Kimberly-Clark spent $131K lobbying for incentive bill


When Republicans introduced legislation nearly a year ago trying to keep Kimberly-Clark from closing two plants in the Fox Valley, they said the company didn’t approach them asking for incentives. Instead, their bill was an attempt to change the company’s mind.

Kimberly-Clark’s lobbying reports underscore that, showing the company didn’t spend anything to lobby the Capitol until the waning months of last session. They also add some detail to the company’s late — and ultimately unsuccessful — push to get the Senate to approve the bill before then-Gov. Scott Walker’s administration stepped in with a package to keep open one of the plants.

GOP Sen. Roger Roth, whose district includes the plants targeted, said even though the company’s efforts on the bill fell short, he believes its engagement with the Capitol helped lead to Walker’s Wisconsin Economic Development Corp. reaching a deal with the company in the days before the former governor left office.

“I’m sure it helped,” the Appleton Republican said.

The lobbying reports show Kimberly-Clark spent $131,107 to lobby the Capitol between July 1 and Dec. 31, a significant uptick in activity for the manufacturer. Kimberly-Clark didn’t register a lobbyist with the state for the 2015-16 session and reported no spending in 2013-14. Going back to 2003-04, the most the company had spent over an entire two-year session was $82,535.

Still, the $131,107 spent over the last six months of 2018 was only good enough for No. 15 among groups that lobbied the Capitol over the period, showing K-C hasn’t been a major player in terms of lobbying the state. By comparison, Wisconsin Infrastructure Investment Now Inc., a group headed by former GOP Assembly Speaker John Gard that lobbied last session against eliminating the prevailing wage, led the way for spending in the last half of 2018 at $335,650. The League of Wisconsin Municipalities was next at $333,182, and Wisconsin Manufacturers & Commerce was No. 3 at $256,880.

All of Kimberly-Clark’s effort last year went into AB 963, which cleared the Assembly in February but bogged down in the Senate.

The company said in a statement it decided to register a lobbyist after ratifying a tentative agreement with the union at the Cold Spring facility in Neenah.

“This provided us the opportunity to further educate the Legislature about our business,” the company said.

The agreement was ratified July 23, and Kimberly-Clark’s first lobbyist — Susan Phillips, the company’s DC-based vice president of government relations — was registered with the state four days later.

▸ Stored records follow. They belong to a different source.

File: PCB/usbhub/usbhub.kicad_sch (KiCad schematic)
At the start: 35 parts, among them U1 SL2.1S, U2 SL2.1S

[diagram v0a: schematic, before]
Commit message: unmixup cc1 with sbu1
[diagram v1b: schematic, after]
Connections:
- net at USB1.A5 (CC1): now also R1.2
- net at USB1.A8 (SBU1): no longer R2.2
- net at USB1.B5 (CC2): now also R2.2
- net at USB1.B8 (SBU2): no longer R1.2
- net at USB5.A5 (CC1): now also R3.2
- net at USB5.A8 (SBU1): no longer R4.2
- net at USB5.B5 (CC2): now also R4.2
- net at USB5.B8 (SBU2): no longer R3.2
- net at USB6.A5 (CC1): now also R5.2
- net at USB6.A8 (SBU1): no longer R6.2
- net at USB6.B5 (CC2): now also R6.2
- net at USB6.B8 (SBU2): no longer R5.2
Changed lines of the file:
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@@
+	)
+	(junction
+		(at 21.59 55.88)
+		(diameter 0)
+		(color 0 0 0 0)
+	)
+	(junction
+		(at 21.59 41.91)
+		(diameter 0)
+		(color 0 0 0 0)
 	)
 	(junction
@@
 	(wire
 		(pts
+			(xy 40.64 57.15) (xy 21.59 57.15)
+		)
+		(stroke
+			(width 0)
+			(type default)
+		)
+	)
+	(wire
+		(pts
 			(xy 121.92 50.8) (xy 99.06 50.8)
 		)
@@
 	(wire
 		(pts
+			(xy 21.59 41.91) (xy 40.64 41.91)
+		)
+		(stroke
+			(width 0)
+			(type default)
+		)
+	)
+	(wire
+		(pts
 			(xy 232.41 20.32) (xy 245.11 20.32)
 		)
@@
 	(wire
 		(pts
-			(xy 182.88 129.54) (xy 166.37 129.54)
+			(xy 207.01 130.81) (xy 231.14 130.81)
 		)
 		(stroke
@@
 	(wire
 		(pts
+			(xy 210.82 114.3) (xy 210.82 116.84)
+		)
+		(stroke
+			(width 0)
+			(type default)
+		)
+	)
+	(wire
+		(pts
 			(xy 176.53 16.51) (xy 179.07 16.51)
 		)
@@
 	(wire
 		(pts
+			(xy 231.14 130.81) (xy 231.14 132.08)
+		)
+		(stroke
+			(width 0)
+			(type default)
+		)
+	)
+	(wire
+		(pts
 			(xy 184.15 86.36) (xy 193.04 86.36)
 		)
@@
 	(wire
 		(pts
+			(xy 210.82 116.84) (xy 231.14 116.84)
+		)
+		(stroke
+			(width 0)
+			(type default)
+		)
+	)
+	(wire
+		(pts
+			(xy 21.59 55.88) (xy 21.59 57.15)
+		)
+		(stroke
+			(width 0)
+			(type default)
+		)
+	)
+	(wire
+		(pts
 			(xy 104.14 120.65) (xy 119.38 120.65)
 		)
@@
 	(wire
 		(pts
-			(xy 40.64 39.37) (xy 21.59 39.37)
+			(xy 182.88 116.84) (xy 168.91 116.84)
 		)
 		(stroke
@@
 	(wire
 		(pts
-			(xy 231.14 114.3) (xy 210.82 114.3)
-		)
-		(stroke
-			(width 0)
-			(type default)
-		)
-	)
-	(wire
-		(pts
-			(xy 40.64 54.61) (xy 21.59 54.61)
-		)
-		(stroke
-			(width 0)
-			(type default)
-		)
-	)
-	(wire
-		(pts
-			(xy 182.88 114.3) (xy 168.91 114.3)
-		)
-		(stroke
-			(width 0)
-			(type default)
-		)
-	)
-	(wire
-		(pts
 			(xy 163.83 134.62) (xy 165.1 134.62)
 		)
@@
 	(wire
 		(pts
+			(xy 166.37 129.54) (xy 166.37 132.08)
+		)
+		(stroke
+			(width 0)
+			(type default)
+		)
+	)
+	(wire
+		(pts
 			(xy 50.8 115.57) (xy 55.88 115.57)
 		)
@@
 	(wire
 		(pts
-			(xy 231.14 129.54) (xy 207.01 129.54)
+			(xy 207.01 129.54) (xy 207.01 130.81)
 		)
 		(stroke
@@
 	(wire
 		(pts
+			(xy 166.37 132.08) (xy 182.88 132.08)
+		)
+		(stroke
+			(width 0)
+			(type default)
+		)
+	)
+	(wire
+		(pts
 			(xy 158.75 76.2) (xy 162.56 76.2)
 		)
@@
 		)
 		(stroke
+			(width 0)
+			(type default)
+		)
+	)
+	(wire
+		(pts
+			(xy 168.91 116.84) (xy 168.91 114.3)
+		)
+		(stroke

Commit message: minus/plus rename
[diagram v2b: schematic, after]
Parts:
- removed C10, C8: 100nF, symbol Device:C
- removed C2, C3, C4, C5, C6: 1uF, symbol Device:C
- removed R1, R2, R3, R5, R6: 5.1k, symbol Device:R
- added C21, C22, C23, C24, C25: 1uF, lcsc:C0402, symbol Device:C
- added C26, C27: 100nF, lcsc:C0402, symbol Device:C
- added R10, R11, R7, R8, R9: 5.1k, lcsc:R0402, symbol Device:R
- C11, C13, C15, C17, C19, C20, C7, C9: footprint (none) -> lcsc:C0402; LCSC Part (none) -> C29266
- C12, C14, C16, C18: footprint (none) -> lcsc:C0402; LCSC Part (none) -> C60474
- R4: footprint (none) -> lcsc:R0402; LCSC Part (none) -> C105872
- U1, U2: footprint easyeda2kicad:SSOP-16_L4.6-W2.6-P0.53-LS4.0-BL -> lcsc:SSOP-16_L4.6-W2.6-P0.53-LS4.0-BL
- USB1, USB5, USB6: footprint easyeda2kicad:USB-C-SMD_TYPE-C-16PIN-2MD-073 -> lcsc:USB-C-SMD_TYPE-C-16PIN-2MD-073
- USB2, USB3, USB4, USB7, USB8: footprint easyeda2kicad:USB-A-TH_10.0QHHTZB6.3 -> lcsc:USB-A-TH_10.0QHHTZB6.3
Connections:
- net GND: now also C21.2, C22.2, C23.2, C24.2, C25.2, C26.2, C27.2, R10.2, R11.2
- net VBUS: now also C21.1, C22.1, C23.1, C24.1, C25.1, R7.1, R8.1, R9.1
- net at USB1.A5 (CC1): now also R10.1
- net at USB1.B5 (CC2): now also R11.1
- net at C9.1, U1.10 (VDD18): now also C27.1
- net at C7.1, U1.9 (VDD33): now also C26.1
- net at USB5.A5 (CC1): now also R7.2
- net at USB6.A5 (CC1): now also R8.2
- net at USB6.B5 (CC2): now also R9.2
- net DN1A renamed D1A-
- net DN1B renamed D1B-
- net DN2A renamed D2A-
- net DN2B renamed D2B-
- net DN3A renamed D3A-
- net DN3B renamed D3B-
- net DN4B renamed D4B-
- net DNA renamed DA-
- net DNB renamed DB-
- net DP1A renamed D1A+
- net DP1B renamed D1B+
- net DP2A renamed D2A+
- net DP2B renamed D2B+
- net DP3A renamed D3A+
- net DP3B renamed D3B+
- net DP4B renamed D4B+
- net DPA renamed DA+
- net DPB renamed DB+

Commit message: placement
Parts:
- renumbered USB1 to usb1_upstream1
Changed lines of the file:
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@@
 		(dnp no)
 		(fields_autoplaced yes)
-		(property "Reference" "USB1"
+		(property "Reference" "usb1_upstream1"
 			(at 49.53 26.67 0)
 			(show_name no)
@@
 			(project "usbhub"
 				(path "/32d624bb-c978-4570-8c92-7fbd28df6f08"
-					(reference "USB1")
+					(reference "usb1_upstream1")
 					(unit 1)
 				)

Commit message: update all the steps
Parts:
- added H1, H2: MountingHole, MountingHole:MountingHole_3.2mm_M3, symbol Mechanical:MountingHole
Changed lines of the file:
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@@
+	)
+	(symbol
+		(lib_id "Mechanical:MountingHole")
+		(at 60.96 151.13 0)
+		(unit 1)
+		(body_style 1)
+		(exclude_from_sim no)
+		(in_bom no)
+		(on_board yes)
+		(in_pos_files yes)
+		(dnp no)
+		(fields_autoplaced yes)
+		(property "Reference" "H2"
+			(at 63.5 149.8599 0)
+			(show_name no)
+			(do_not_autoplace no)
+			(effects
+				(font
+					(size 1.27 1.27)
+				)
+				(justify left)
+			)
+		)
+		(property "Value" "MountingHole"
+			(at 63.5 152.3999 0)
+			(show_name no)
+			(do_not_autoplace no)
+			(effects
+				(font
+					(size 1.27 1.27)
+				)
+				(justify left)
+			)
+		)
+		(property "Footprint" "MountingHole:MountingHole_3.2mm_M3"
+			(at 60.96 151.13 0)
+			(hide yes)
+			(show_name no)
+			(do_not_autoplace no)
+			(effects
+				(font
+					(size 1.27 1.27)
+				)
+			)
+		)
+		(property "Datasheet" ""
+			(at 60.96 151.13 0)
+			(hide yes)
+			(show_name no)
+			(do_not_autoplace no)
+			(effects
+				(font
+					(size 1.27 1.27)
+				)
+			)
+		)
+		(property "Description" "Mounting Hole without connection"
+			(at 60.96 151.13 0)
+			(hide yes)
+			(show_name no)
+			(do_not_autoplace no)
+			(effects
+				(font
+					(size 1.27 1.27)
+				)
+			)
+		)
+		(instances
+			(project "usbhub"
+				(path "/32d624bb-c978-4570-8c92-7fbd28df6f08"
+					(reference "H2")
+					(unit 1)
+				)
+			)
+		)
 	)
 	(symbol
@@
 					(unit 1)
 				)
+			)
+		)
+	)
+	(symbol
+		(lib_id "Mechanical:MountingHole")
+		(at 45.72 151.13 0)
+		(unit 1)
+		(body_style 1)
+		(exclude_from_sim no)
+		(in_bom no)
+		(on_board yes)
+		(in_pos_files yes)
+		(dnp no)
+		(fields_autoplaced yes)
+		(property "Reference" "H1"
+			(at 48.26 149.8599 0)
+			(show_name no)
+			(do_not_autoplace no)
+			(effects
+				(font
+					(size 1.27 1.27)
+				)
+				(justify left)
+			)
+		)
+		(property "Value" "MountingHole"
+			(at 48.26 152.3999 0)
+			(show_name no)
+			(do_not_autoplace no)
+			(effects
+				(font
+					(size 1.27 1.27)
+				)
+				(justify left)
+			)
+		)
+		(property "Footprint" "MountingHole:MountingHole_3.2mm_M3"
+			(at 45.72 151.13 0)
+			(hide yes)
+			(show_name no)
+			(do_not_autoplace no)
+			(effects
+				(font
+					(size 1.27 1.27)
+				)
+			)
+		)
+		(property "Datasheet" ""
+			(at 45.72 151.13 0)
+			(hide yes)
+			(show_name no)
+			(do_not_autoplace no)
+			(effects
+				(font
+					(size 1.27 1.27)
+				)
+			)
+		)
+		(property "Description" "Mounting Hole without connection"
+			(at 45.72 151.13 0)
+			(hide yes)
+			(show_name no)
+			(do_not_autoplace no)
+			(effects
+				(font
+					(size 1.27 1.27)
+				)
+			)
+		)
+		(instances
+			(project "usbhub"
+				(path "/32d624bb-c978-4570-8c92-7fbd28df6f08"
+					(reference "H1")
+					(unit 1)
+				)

The company then added contract lobbyist R.J. Pirlot almost a month later before it issued a deadline in September, announcing it wanted lawmakers to finish work on the bill by month’s end.

But after failing to meet that deadline, legislative leaders announced plans for an extraordinary session after the November election to take up the bill.

Following the election, the company ramped up its activity, with seven more lobbyists registering in the days after Nov. 6 as Pirlot ceased lobbying for the company. That included five from the firm Schreiber GR Group and two who work for Kimberly-Clark, the plant manager at the company’s plant on Cold Spring Road in Neenah and an electrician there.

But that legislation, which would have given the company up to $115 million over 15 years to keep two plants open, never made it to the Senate floor. Instead, WEDC signed a five-year deal worth up to $28 million.

WisPolitics.com reported in December that WEDC had Kimberly-Clark in mid-October file an application that opened the door to the agency negotiating the package that was ultimately signed.

At the time, WEDC CEO Mark Hogan told WisPolitics.com that company officials remained focused on the larger deal in the legislation, but he began laying the groundwork for a fallback plan in case the legislation failed.

Hogan said this week Kimberly-Clark didn’t lobby WEDC “to do anything.”

“My observation is that the company’s lobbying activity followed union approval to seek an incentive to remain in Wisconsin and was focused on getting the original legislation through the Wisconsin Senate,” Hogan said.